Guava has developed four different models, covering a range of various needs, not only in remote settings but also within the broader international and life sciences clinical communities. The EasyCyte Plus System can run all currently available assays including cell counts, viability counts, apoptosis assays, and cell-cycle assays, reports the company. The machines are equipped with solid-state lasers. According to Dr. King, gas lasers are fragile, finicky, and unable to deliver the field performance that one attains with the solid lasers.
Another important innovation is the abandonment of sheath fluid in the instruments, so samples of biological fluids can be taken directly from a 96-well plate. The technology, known as capillary flow cytometry, aspirates and pumps a sample directly into the laser beam. Without a diluent there is much less waste, and disposal problems are held to a minimum. This is especially important for HIV screening where contaminated blood products must be safely disposed.

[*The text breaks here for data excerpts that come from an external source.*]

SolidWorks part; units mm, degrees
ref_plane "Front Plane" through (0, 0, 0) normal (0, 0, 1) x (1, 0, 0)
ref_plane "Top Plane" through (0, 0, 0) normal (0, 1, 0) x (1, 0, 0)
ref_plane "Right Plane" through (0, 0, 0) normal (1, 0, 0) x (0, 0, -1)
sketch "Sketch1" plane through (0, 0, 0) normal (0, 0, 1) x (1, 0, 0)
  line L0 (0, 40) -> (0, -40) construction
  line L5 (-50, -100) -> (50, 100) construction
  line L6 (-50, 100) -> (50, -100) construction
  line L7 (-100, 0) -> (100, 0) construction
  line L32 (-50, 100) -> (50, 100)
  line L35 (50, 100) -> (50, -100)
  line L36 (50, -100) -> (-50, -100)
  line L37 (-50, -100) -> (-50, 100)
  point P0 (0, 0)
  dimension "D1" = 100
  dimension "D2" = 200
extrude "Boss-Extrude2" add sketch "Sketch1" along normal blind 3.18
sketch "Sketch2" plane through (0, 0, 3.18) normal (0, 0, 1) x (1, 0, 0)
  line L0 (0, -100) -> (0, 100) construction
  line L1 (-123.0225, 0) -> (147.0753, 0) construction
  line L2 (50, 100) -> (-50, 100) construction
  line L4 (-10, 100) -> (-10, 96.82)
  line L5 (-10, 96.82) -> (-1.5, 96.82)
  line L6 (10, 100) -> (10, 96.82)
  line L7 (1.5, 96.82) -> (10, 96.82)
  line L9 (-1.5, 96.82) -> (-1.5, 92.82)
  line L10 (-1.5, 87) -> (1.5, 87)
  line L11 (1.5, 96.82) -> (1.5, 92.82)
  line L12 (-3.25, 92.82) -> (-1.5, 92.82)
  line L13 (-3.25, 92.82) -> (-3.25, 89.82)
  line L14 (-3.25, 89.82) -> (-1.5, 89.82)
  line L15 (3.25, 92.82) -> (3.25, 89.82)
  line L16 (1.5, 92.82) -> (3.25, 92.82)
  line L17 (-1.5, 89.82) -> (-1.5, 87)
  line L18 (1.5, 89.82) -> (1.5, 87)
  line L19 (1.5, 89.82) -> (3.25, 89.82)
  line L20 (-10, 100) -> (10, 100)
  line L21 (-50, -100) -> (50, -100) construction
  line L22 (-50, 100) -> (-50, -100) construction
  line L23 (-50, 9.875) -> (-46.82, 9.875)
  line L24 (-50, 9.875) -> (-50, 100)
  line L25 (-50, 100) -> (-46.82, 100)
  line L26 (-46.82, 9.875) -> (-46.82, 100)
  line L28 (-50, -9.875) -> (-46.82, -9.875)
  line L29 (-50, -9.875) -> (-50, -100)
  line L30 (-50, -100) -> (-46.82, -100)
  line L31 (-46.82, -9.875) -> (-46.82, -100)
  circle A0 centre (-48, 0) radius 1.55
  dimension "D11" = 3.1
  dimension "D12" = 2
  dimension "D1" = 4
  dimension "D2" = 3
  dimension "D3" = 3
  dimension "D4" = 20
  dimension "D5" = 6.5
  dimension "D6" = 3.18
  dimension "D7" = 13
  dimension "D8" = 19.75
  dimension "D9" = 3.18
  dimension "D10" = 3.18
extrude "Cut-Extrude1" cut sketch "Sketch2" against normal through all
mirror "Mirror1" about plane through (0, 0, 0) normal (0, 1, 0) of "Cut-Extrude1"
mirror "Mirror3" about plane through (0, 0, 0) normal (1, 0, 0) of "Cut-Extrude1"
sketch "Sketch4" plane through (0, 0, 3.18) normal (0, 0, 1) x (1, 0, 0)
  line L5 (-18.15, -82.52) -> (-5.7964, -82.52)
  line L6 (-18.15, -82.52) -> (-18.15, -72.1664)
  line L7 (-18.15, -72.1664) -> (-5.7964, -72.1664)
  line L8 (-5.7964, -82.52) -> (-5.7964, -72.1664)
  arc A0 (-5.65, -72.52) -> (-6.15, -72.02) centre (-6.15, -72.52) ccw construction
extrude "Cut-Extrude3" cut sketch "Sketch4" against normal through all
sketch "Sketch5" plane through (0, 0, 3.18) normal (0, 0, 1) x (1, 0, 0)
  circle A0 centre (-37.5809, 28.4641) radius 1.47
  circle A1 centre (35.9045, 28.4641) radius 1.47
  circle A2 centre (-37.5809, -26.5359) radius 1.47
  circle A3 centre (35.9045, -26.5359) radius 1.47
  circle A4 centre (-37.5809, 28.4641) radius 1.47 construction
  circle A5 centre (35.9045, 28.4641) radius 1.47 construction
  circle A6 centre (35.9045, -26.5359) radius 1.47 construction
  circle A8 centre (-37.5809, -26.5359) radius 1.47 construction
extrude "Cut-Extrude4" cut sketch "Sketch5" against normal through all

“Our software design was intended to insulate the operator from knowing how the machine works,” Dr. King continued. “Traditionally, flow cytometry was done by pros who knew the technology inside and out. We’re aiming at producing a very simple instrument delivering complex cell analytic capabilities to nonspecialists.”
The advances in software, hardware, and new fluors discussed all come together to make the technology of flow cytometry more economical and user friendly. The advances made in solid lasers have revolutionized flow cytometry, and gaseous lasers are now consigned to the museum. This will assure that the new devices will be cheaper, simpler, and more user-friendly. Thus clinical applications such as rapid screening for precancerous conditions will become more accessible, prompt, and economical.